As part of the work program at the mine, employees took showers at the mine site on company time at the end of a shift to wash off the coal dust. On July 28, 1979, Dullenty slipped while taking a shower at work and broke the skin on the stump end of his left leg. Surgery was required to close this wound, and following the injury Dullenty has had continuing problems in getting a prosthesis that fits comfortably, with the result that he has had difficulty standing for any length of time and has not been able to continue working.

Dullenty filed a claim for full temporary total disability benefits. An arbitrator awarded him benefits of $185.31 per week in addition to his monthly pension and without any credit for amounts paid under the pension. The Industrial Commission affirmed this decision with one commissioner dissenting, and the circuit court of Franklin County confirmed the award.

The basis for this appeal by Freeman is that it makes no sense to find that a person who has been declared permanently and totally disabled is capable of suffering an additional disability; consequently, an award for permanent total disability under sections 8(e)(18) and 8(f) of the Workers’ Compensation Act (Ill. Rev. Stat. 1979, ch. 48, pars. 138.8(e)(18), 138.8(f)) is the largest amount that a worker may receive and precludes any type of additional award. The interpretation and application of section 8(e)(18) which Freeman urges upon us does not find support in either the wording of the Act or the decisions of this court. That section provides:

“The specific case of loss of both hands, both arms, or both feet, or both legs, or both eyes, or of any two thereof, or the permanent and complete loss of the use thereof, constitutes total and permanent disability, to be compensated according to the compensation fixed by paragraph (f) of this Section. These specific cases of total and permanent disability do not exclude other cases.
Any employee who has previously suffered the loss or permanent and complete loss of the use of any of such members, and in a subsequent independent accident loses another or suffers the permanent and complete loss of the use of any one of such members the employer for whom the injured employee is working at the time of the last independent accident is liable to pay compensation only for the loss or permanent and complete loss of the use of the member occasioned by the last independent accident.” (Emphasis added.) (Ill. Rev. Stat. 1979, ch. 48, par. 138.8(e)(18).)

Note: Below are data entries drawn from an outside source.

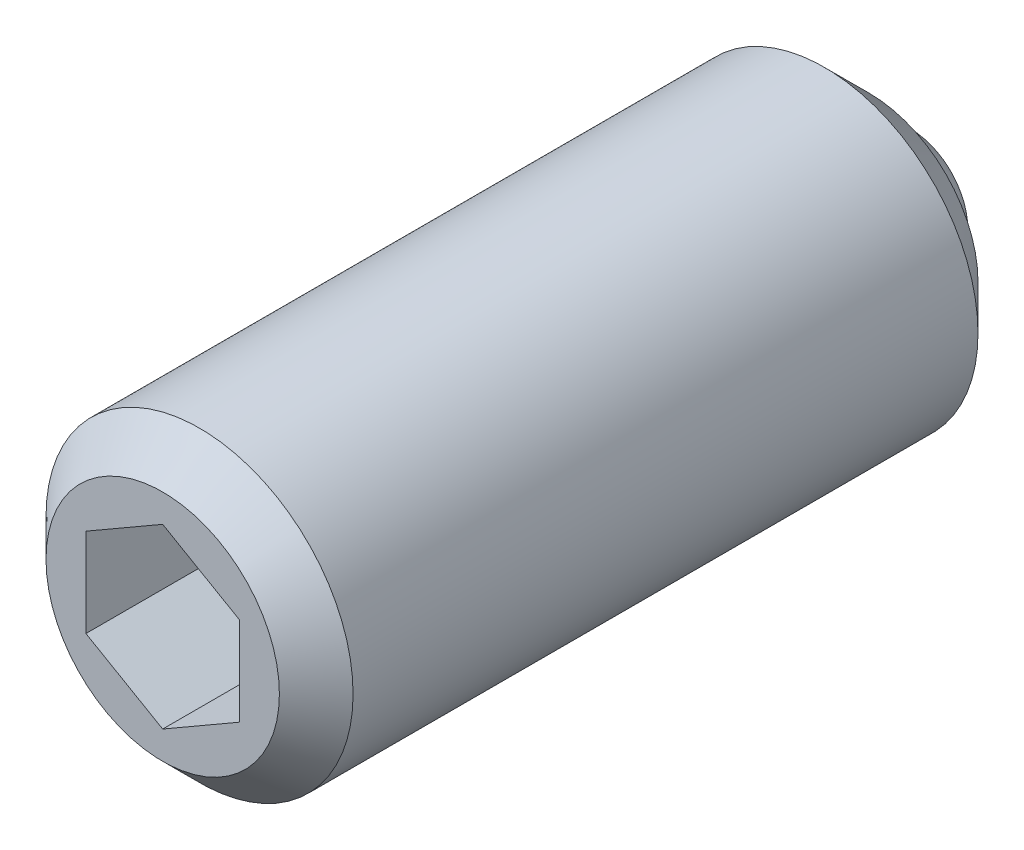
ISO-10303-21;
HEADER;
FILE_DESCRIPTION(('STEP AP214'),'2;1');
FILE_NAME('part.step','',(''),(''),'','','');
FILE_SCHEMA(('AUTOMOTIVE_DESIGN { 1 0 10303 214 1 1 1 1 }'));
ENDSEC;
DATA;
#1=APPLICATION_CONTEXT('core data for automotive mechanical design processes');
#2=APPLICATION_PROTOCOL_DEFINITION('international standard','automotive_design',2000,#1);
#3=PRODUCT_CONTEXT('',#1,'mechanical');
#4=PRODUCT('Part','Part','',(#3));
#5=PRODUCT_RELATED_PRODUCT_CATEGORY('part','',(#4));
#6=PRODUCT_DEFINITION_FORMATION('','',#4);
#7=PRODUCT_DEFINITION_CONTEXT('part definition',#1,'design');
#8=PRODUCT_DEFINITION('design','',#6,#7);
#9=PRODUCT_DEFINITION_SHAPE('','',#8);
#10=(LENGTH_UNIT() NAMED_UNIT(*) SI_UNIT(.MILLI.,.METRE.));
#11=(NAMED_UNIT(*) PLANE_ANGLE_UNIT() SI_UNIT($,.RADIAN.));
#12=(NAMED_UNIT(*) SI_UNIT($,.STERADIAN.) SOLID_ANGLE_UNIT());
#13=UNCERTAINTY_MEASURE_WITH_UNIT(LENGTH_MEASURE(1.E-05),#10,'distance_accuracy_value','');
#14=(GEOMETRIC_REPRESENTATION_CONTEXT(3) GLOBAL_UNCERTAINTY_ASSIGNED_CONTEXT((#13)) GLOBAL_UNIT_ASSIGNED_CONTEXT((#10,
#11,#12)) REPRESENTATION_CONTEXT('',''));
#15=CARTESIAN_POINT('',(0.,0.,0.));
#16=DIRECTION('',(0.,0.,1.));
#17=DIRECTION('',(1.,0.,0.));
#18=AXIS2_PLACEMENT_3D('',#15,#16,#17);
#19=CARTESIAN_POINT('',(2.500000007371,-2.92139236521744,20.9999999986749));
#20=DIRECTION('',(-3.50999936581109E-10,1.53211644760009E-10,-1.));
#21=DIRECTION('',(-1.,0.,3.50999936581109E-10));
#22=AXIS2_PLACEMENT_3D('',#19,#20,#21);
#23=PLANE('',#22);
#24=DIRECTION('',(-0.866025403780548,-0.500000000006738,2.27369039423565E-10));
#25=VECTOR('',#24,1.);
#26=CARTESIAN_POINT('',(-1.249999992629,2.16506350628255,21.0000000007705));
#27=LINE('',#26,#25);
#28=CARTESIAN_POINT('',(6.66551176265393E-09,2.88675134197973,21.0000000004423));
#29=VERTEX_POINT('',#28);
#30=CARTESIAN_POINT('',(-2.499999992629,1.44337566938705,21.0000000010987));
#31=VERTEX_POINT('',#30);
#32=EDGE_CURVE('E160',#29,#31,#27,.T.);
#33=ORIENTED_EDGE('',*,*,#32,.T.);
#34=DIRECTION('',(0.,-1.,-1.53211644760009E-10));
#35=VECTOR('',#34,1.);
#36=CARTESIAN_POINT('',(-2.499999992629,-3.21744416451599E-09,21.0000000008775));
#37=LINE('',#36,#35);
#38=CARTESIAN_POINT('',(-2.499999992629,-1.44337567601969,21.0000000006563));
#39=VERTEX_POINT('',#38);
#40=EDGE_CURVE('E162',#31,#39,#37,.T.);
#41=ORIENTED_EDGE('',*,*,#40,.T.);
#42=DIRECTION('',(0.866025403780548,-0.500000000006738,-3.80580684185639E-10));
#43=VECTOR('',#42,1.);
#44=CARTESIAN_POINT('',(-1.249999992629,-2.16506351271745,21.0000000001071));
#45=LINE('',#44,#43);
#46=CARTESIAN_POINT('',(8.07648570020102E-09,-2.88675134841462,20.9999999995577));
#47=VERTEX_POINT('',#46);
#48=EDGE_CURVE('E72',#39,#47,#45,.T.);
#49=ORIENTED_EDGE('',*,*,#48,.T.);
#50=DIRECTION('',(0.866025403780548,0.500000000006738,-2.27369039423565E-10));
#51=VECTOR('',#50,1.);
#52=CARTESIAN_POINT('',(1.250000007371,-2.16506351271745,20.9999999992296));
#53=LINE('',#52,#51);
#54=CARTESIAN_POINT('',(2.500000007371,-1.44337567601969,20.9999999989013));
#55=VERTEX_POINT('',#54);
#56=EDGE_CURVE('E71',#47,#55,#53,.T.);
#57=ORIENTED_EDGE('',*,*,#56,.T.);
#58=DIRECTION('',(0.,1.,1.53211644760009E-10));
#59=VECTOR('',#58,1.);
#60=CARTESIAN_POINT('',(2.500000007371,-3.21744491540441E-09,20.9999999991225));
#61=LINE('',#60,#59);
#62=CARTESIAN_POINT('',(2.500000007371,1.4433756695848,20.9999999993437));
#63=VERTEX_POINT('',#62);
#64=EDGE_CURVE('E165',#55,#63,#61,.T.);
#65=ORIENTED_EDGE('',*,*,#64,.T.);
#66=DIRECTION('',(-0.866025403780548,0.500000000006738,3.80580684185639E-10));
#67=VECTOR('',#66,1.);
#68=CARTESIAN_POINT('',(1.250000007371,2.16506350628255,20.999999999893));
#69=LINE('',#68,#67);
#70=EDGE_CURVE('E170',#63,#29,#69,.T.);
#71=ORIENTED_EDGE('',*,*,#70,.T.);
#72=EDGE_LOOP('',(#33,#41,#49,#57,#65,#71));
#73=FACE_BOUND('',#72,.T.);
#74=ADVANCED_FACE('F14',(#73),#23,.F.);
#75=CARTESIAN_POINT('',(-2.499999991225,1.44337566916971,25.0000000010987));
#76=DIRECTION('',(-0.500000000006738,0.866025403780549,3.08185144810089E-10));
#77=DIRECTION('',(0.866025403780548,0.500000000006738,-2.27369039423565E-10));
#78=AXIS2_PLACEMENT_3D('',#75,#76,#77);
#79=PLANE('',#78);
#80=DIRECTION('',(3.50999936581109E-10,-1.53211644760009E-10,1.));
#81=VECTOR('',#80,1.);
#82=CARTESIAN_POINT('',(-2.499999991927,1.44337566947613,23.0000000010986));
#83=LINE('',#82,#81);
#84=CARTESIAN_POINT('',(-2.499999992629,1.44337566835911,25.0000000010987));
#85=VERTEX_POINT('',#84);
#86=EDGE_CURVE('E158',#31,#85,#83,.T.);
#87=ORIENTED_EDGE('',*,*,#86,.F.);
#88=ORIENTED_EDGE('',*,*,#32,.F.);
#89=DIRECTION('',(-3.50999936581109E-10,1.53211644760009E-10,-1.));
#90=VECTOR('',#89,1.);
#91=CARTESIAN_POINT('',(8.07299896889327E-09,2.88675134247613,23.0000000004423));
#92=LINE('',#91,#90);
#93=CARTESIAN_POINT('',(8.77499874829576E-09,2.88675134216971,25.0000000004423));
#94=VERTEX_POINT('',#93);
#95=EDGE_CURVE('E167',#94,#29,#92,.T.);
#96=ORIENTED_EDGE('',*,*,#95,.F.);
#97=DIRECTION('',(0.866025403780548,0.500000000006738,-2.27369039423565E-10));
#98=VECTOR('',#97,1.);
#99=CARTESIAN_POINT('',(-2.499999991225,1.44337566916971,25.0000000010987));
#100=LINE('',#99,#98);
#101=EDGE_CURVE('E154',#94,#85,#100,.F.);
#102=ORIENTED_EDGE('',*,*,#101,.T.);
#103=EDGE_LOOP('',(#87,#88,#96,#102));
#104=FACE_BOUND('',#103,.T.);
#105=ADVANCED_FACE('F107',(#104),#79,.F.);
#106=CARTESIAN_POINT('',(-2.499999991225,-1.44337567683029,25.0000000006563));
#107=DIRECTION('',(-1.,0.,3.50999936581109E-10));
#108=DIRECTION('',(0.,1.,1.53211644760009E-10));
#109=AXIS2_PLACEMENT_3D('',#106,#107,#108);
#110=PLANE('',#109);
#111=DIRECTION('',(-3.50999936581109E-10,1.53211644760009E-10,-1.));
#112=VECTOR('',#111,1.);
#113=CARTESIAN_POINT('',(-2.499999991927,-1.44337567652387,23.0000000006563));
#114=LINE('',#113,#112);
#115=CARTESIAN_POINT('',(-2.499999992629,-1.44337567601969,25.0000000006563));
#116=VERTEX_POINT('',#115);
#117=EDGE_CURVE('E61',#116,#39,#114,.T.);
#118=ORIENTED_EDGE('',*,*,#117,.T.);
#119=ORIENTED_EDGE('',*,*,#40,.F.);
#120=ORIENTED_EDGE('',*,*,#86,.T.);
#121=DIRECTION('',(0.,-1.,-1.53211644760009E-10));
#122=VECTOR('',#121,1.);
#123=CARTESIAN_POINT('',(-2.499999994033,-3.83029074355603E-09,25.0000000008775));
#124=LINE('',#123,#122);
#125=EDGE_CURVE('E48',#85,#116,#124,.T.);
#126=ORIENTED_EDGE('',*,*,#125,.T.);
#127=EDGE_LOOP('',(#118,#119,#120,#126));
#128=FACE_BOUND('',#127,.T.);
#129=ADVANCED_FACE('F114',(#128),#110,.F.);
#130=CARTESIAN_POINT('',(8.77499797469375E-09,-2.88675134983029,24.9999999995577));
#131=DIRECTION('',(-0.500000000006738,-0.866025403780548,4.28147917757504E-11));
#132=DIRECTION('',(-0.866025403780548,0.500000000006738,3.80580684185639E-10));
#133=AXIS2_PLACEMENT_3D('',#130,#131,#132);
#134=PLANE('',#133);
#135=DIRECTION('',(-3.50999936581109E-10,1.53211644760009E-10,-1.));
#136=VECTOR('',#135,1.);
#137=CARTESIAN_POINT('',(8.07299810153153E-09,-2.88675134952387,22.9999999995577));
#138=LINE('',#137,#136);
#139=CARTESIAN_POINT('',(8.77499806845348E-09,-2.88675134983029,24.9999999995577));
#140=VERTEX_POINT('',#139);
#141=EDGE_CURVE('E59',#140,#47,#138,.T.);
#142=ORIENTED_EDGE('',*,*,#141,.T.);
#143=ORIENTED_EDGE('',*,*,#48,.F.);
#144=ORIENTED_EDGE('',*,*,#117,.F.);
#145=DIRECTION('',(-0.866025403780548,0.500000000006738,3.80580684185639E-10));
#146=VECTOR('',#145,1.);
#147=CARTESIAN_POINT('',(8.77499797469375E-09,-2.88675134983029,24.9999999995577));
#148=LINE('',#147,#146);
#149=EDGE_CURVE('E54',#116,#140,#148,.F.);
#150=ORIENTED_EDGE('',*,*,#149,.T.);
#151=EDGE_LOOP('',(#142,#143,#144,#150));
#152=FACE_BOUND('',#151,.T.);
#153=ADVANCED_FACE('F56',(#152),#134,.F.);
#154=CARTESIAN_POINT('',(2.500000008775,-1.44337567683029,24.9999999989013));
#155=DIRECTION('',(0.500000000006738,-0.866025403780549,-3.08185144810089E-10));
#156=DIRECTION('',(-0.866025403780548,-0.500000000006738,2.27369039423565E-10));
#157=AXIS2_PLACEMENT_3D('',#154,#155,#156);
#158=PLANE('',#157);
#159=DIRECTION('',(-3.50999936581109E-10,1.53211644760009E-10,-1.));
#160=VECTOR('',#159,1.);
#161=CARTESIAN_POINT('',(2.500000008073,-1.44337567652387,22.9999999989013));
#162=LINE('',#161,#160);
#163=CARTESIAN_POINT('',(2.500000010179,-1.44337567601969,24.9999999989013));
#164=VERTEX_POINT('',#163);
#165=EDGE_CURVE('E164',#164,#55,#162,.T.);
#166=ORIENTED_EDGE('',*,*,#165,.T.);
#167=ORIENTED_EDGE('',*,*,#56,.F.);
#168=ORIENTED_EDGE('',*,*,#141,.F.);
#169=DIRECTION('',(-0.866025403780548,-0.500000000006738,2.27369039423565E-10));
#170=VECTOR('',#169,1.);
#171=CARTESIAN_POINT('',(2.500000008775,-1.44337567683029,24.9999999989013));
#172=LINE('',#171,#170);
#173=EDGE_CURVE('E64',#140,#164,#172,.F.);
#174=ORIENTED_EDGE('',*,*,#173,.T.);
#175=EDGE_LOOP('',(#166,#167,#168,#174));
#176=FACE_BOUND('',#175,.T.);
#177=ADVANCED_FACE('F68',(#176),#158,.F.);
#178=CARTESIAN_POINT('',(2.500000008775,1.44337566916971,24.9999999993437));
#179=DIRECTION('',(1.,0.,-3.50999936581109E-10));
#180=DIRECTION('',(0.,-1.,-1.53211644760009E-10));
#181=AXIS2_PLACEMENT_3D('',#178,#179,#180);
#182=PLANE('',#181);
#183=DIRECTION('',(-3.50999936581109E-10,1.53211644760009E-10,-1.));
#184=VECTOR('',#183,1.);
#185=CARTESIAN_POINT('',(2.500000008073,1.44337566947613,22.9999999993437));
#186=LINE('',#185,#184);
#187=CARTESIAN_POINT('',(2.500000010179,1.44337566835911,24.9999999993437));
#188=VERTEX_POINT('',#187);
#189=EDGE_CURVE('E171',#188,#63,#186,.T.);
#190=ORIENTED_EDGE('',*,*,#189,.T.);
#191=ORIENTED_EDGE('',*,*,#64,.F.);
#192=ORIENTED_EDGE('',*,*,#165,.F.);
#193=DIRECTION('',(0.,1.,1.53211644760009E-10));
#194=VECTOR('',#193,1.);
#195=CARTESIAN_POINT('',(2.500000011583,-3.83029149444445E-09,24.9999999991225));
#196=LINE('',#195,#194);
#197=EDGE_CURVE('E77',#164,#188,#196,.T.);
#198=ORIENTED_EDGE('',*,*,#197,.T.);
#199=EDGE_LOOP('',(#190,#191,#192,#198));
#200=FACE_BOUND('',#199,.T.);
#201=ADVANCED_FACE('F129',(#200),#182,.F.);
#202=CARTESIAN_POINT('',(8.77499884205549E-09,2.88675134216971,25.0000000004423));
#203=DIRECTION('',(0.500000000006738,0.866025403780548,-4.28147917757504E-11));
#204=DIRECTION('',(0.866025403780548,-0.500000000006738,-3.80580684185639E-10));
#205=AXIS2_PLACEMENT_3D('',#202,#203,#204);
#206=PLANE('',#205);
#207=ORIENTED_EDGE('',*,*,#95,.T.);
#208=ORIENTED_EDGE('',*,*,#70,.F.);
#209=ORIENTED_EDGE('',*,*,#189,.F.);
#210=DIRECTION('',(0.866025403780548,-0.500000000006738,-3.80580684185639E-10));
#211=VECTOR('',#210,1.);
#212=CARTESIAN_POINT('',(8.77499884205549E-09,2.88675134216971,25.0000000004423));
#213=LINE('',#212,#211);
#214=EDGE_CURVE('E79',#188,#94,#213,.F.);
#215=ORIENTED_EDGE('',*,*,#214,.T.);
#216=EDGE_LOOP('',(#207,#208,#209,#215));
#217=FACE_BOUND('',#216,.T.);
#218=ADVANCED_FACE('F132',(#217),#206,.F.);
#219=CARTESIAN_POINT('',(3.542000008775,-3.55418791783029,24.9999999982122));
#220=DIRECTION('',(-3.50999936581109E-10,1.53211644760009E-10,-1.));
#221=DIRECTION('',(-1.,0.,3.50999936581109E-10));
#222=AXIS2_PLACEMENT_3D('',#219,#220,#221);
#223=PLANE('',#222);
#224=CARTESIAN_POINT('',(8.77499840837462E-09,-3.83029111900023E-09,25.));
#225=DIRECTION('',(-3.50999936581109E-10,1.53211644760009E-10,-1.));
#226=DIRECTION('',(-1.,0.,3.50999936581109E-10));
#227=AXIS2_PLACEMENT_3D('',#224,#225,#226);
#228=CIRCLE('',#227,3.8);
#229=CARTESIAN_POINT('',(-3.799999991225,-3.83029111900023E-09,25.0000000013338));
#230=VERTEX_POINT('',#229);
#231=EDGE_CURVE('E84',#230,#230,#228,.F.);
#232=ORIENTED_EDGE('',*,*,#231,.T.);
#233=EDGE_LOOP('',(#232));
#234=FACE_BOUND('',#233,.T.);
#235=ORIENTED_EDGE('',*,*,#214,.F.);
#236=ORIENTED_EDGE('',*,*,#197,.F.);
#237=ORIENTED_EDGE('',*,*,#173,.F.);
#238=ORIENTED_EDGE('',*,*,#149,.F.);
#239=ORIENTED_EDGE('',*,*,#125,.F.);
#240=ORIENTED_EDGE('',*,*,#101,.F.);
#241=EDGE_LOOP('',(#235,#236,#237,#238,#239,#240));
#242=FACE_BOUND('',#241,.T.);
#243=ADVANCED_FACE('F76',(#234,#242),#223,.F.);
#244=CARTESIAN_POINT('',(1.37388871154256E-08,-5.99703097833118E-09,39.142135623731));
#245=DIRECTION('',(-3.50999936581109E-10,1.53211644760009E-10,-1.));
#246=DIRECTION('',(-1.,0.,3.50999936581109E-10));
#247=AXIS2_PLACEMENT_3D('',#244,#245,#246);
#248=CYLINDRICAL_SURFACE('',#247,5.);
#249=CARTESIAN_POINT('',(1.21094977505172E-09,-5.28580174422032E-10,3.45));
#250=DIRECTION('',(3.50999936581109E-10,-1.53211644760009E-10,1.));
#251=DIRECTION('',(1.,0.,-3.50999936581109E-10));
#252=AXIS2_PLACEMENT_3D('',#249,#250,#251);
#253=CIRCLE('',#252,5.);
#254=CARTESIAN_POINT('',(5.00000000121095,-5.28580174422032E-10,3.449999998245));
#255=VERTEX_POINT('',#254);
#256=EDGE_CURVE('E9',#255,#255,#253,.T.);
#257=ORIENTED_EDGE('',*,*,#256,.T.);
#258=EDGE_LOOP('',(#257));
#259=FACE_BOUND('',#258,.T.);
#260=CARTESIAN_POINT('',(8.35379848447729E-09,-3.64643714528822E-09,23.8));
#261=DIRECTION('',(-3.50999936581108E-10,1.5321164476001E-10,-1.));
#262=DIRECTION('',(-1.,0.,3.50999936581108E-10));
#263=AXIS2_PLACEMENT_3D('',#260,#261,#262);
#264=CIRCLE('',#263,5.);
#265=CARTESIAN_POINT('',(-4.9999999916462,-3.64643714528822E-09,23.800000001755));
#266=VERTEX_POINT('',#265);
#267=EDGE_CURVE('E87',#266,#266,#264,.T.);
#268=ORIENTED_EDGE('',*,*,#267,.T.);
#269=EDGE_LOOP('',(#268));
#270=FACE_BOUND('',#269,.T.);
#271=ADVANCED_FACE('F139',(#259,#270),#248,.T.);
#272=CARTESIAN_POINT('',(1.05299980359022E-09,-4.59634934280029E-10,3.));
#273=DIRECTION('',(3.50999936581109E-10,-1.53211644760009E-10,1.));
#274=DIRECTION('',(0.,1.,1.53211644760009E-10));
#275=AXIS2_PLACEMENT_3D('',#272,#273,#274);
#276=SPHERICAL_SURFACE('',#275,3.);
#277=CARTESIAN_POINT('',(0.,-3.E-08,0.));
#278=VERTEX_POINT('',#277);
#279=VERTEX_LOOP('',#278);
#280=FACE_BOUND('',#279,.T.);
#281=CARTESIAN_POINT('',(7.01999867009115E-10,-3.06423289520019E-10,2.));
#282=DIRECTION('',(3.50999936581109E-10,-1.53211644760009E-10,1.));
#283=DIRECTION('',(1.,0.,-3.50999936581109E-10));
#284=AXIS2_PLACEMENT_3D('',#281,#282,#283);
#285=CIRCLE('',#284,2.82842712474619);
#286=CARTESIAN_POINT('',(2.82842712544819,-3.0642371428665E-10,1.99999999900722));
#287=VERTEX_POINT('',#286);
#288=EDGE_CURVE('E88',#287,#287,#285,.F.);
#289=ORIENTED_EDGE('',*,*,#288,.T.);
#290=EDGE_LOOP('',(#289));
#291=FACE_BOUND('',#290,.T.);
#292=ADVANCED_FACE('F120',(#280,#291),#276,.T.);
#293=CARTESIAN_POINT('',(-3.592599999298,-3.60496202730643,2.00000000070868));
#294=DIRECTION('',(3.50999936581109E-10,-1.53211644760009E-10,1.));
#295=DIRECTION('',(1.,0.,-3.50999936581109E-10));
#296=AXIS2_PLACEMENT_3D('',#293,#294,#295);
#297=PLANE('',#296);
#298=CARTESIAN_POINT('',(7.01999867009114E-10,-3.06423289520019E-10,2.));
#299=DIRECTION('',(3.50999936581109E-10,-1.53211644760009E-10,1.));
#300=DIRECTION('',(1.,0.,-3.50999936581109E-10));
#301=AXIS2_PLACEMENT_3D('',#298,#299,#300);
#302=CIRCLE('',#301,3.55);
#303=CARTESIAN_POINT('',(3.550000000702,-3.06423289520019E-10,1.99999999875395));
#304=VERTEX_POINT('',#303);
#305=EDGE_CURVE('E23',#304,#304,#302,.F.);
#306=ORIENTED_EDGE('',*,*,#305,.T.);
#307=EDGE_LOOP('',(#306));
#308=FACE_BOUND('',#307,.T.);
#309=ORIENTED_EDGE('',*,*,#288,.F.);
#310=EDGE_LOOP('',(#309));
#311=FACE_BOUND('',#310,.T.);
#312=ADVANCED_FACE('F93',(#308,#311),#297,.F.);
#313=CARTESIAN_POINT('',(8.77499840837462E-09,-3.83029111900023E-09,25.));
#314=DIRECTION('',(-3.50999936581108E-10,1.5321164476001E-10,-1.));
#315=DIRECTION('',(-1.,0.,3.50999936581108E-10));
#316=AXIS2_PLACEMENT_3D('',#313,#314,#315);
#317=CONICAL_SURFACE('',#316,3.8,0.785398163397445);
#318=ORIENTED_EDGE('',*,*,#267,.F.);
#319=EDGE_LOOP('',(#318));
#320=FACE_BOUND('',#319,.T.);
#321=ORIENTED_EDGE('',*,*,#231,.F.);
#322=EDGE_LOOP('',(#321));
#323=FACE_BOUND('',#322,.T.);
#324=ADVANCED_FACE('F97',(#320,#323),#317,.T.);
#325=CARTESIAN_POINT('',(7.01999867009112E-10,-3.06423289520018E-10,2.));
#326=DIRECTION('',(3.50999936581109E-10,-1.53211644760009E-10,1.));
#327=DIRECTION('',(1.,0.,-3.50999936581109E-10));
#328=AXIS2_PLACEMENT_3D('',#325,#326,#327);
#329=CONICAL_SURFACE('',#328,3.55,0.785398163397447);
#330=ORIENTED_EDGE('',*,*,#256,.F.);
#331=EDGE_LOOP('',(#330));
#332=FACE_BOUND('',#331,.T.);
#333=ORIENTED_EDGE('',*,*,#305,.F.);
#334=EDGE_LOOP('',(#333));
#335=FACE_BOUND('',#334,.T.);
#336=ADVANCED_FACE('F16',(#332,#335),#329,.T.);
#337=CLOSED_SHELL('',(#74,#105,#129,#153,#177,#201,#218,#243,#271,#292,#312,#324,#336));
#338=MANIFOLD_SOLID_BREP('B1',#337);
#339=ADVANCED_BREP_SHAPE_REPRESENTATION('',(#18,#338),#14);
#340=SHAPE_DEFINITION_REPRESENTATION(#9,#339);
ENDSEC;
END-ISO-10303-21;

Section 8(f), to which the quoted section refers, set forth the rates and conditions of payment of benefits for permanent total disability at the time the original award in this case was entered. (The rates of payment now appear in section 8(b)(2) of the Act (Ill. Rev. Stat. 1979, ch. 48, par. 138.8(b)(2)).) The payment schedules apply “[i]n case of complete disability, which renders the employee wholly and permanently incapable of work, or in the specific case of total and permanent disability as provided in [section 8(e)(18)]” (Ill. Rev. Stat. 1979, ch. 48, par. 138.8(f)).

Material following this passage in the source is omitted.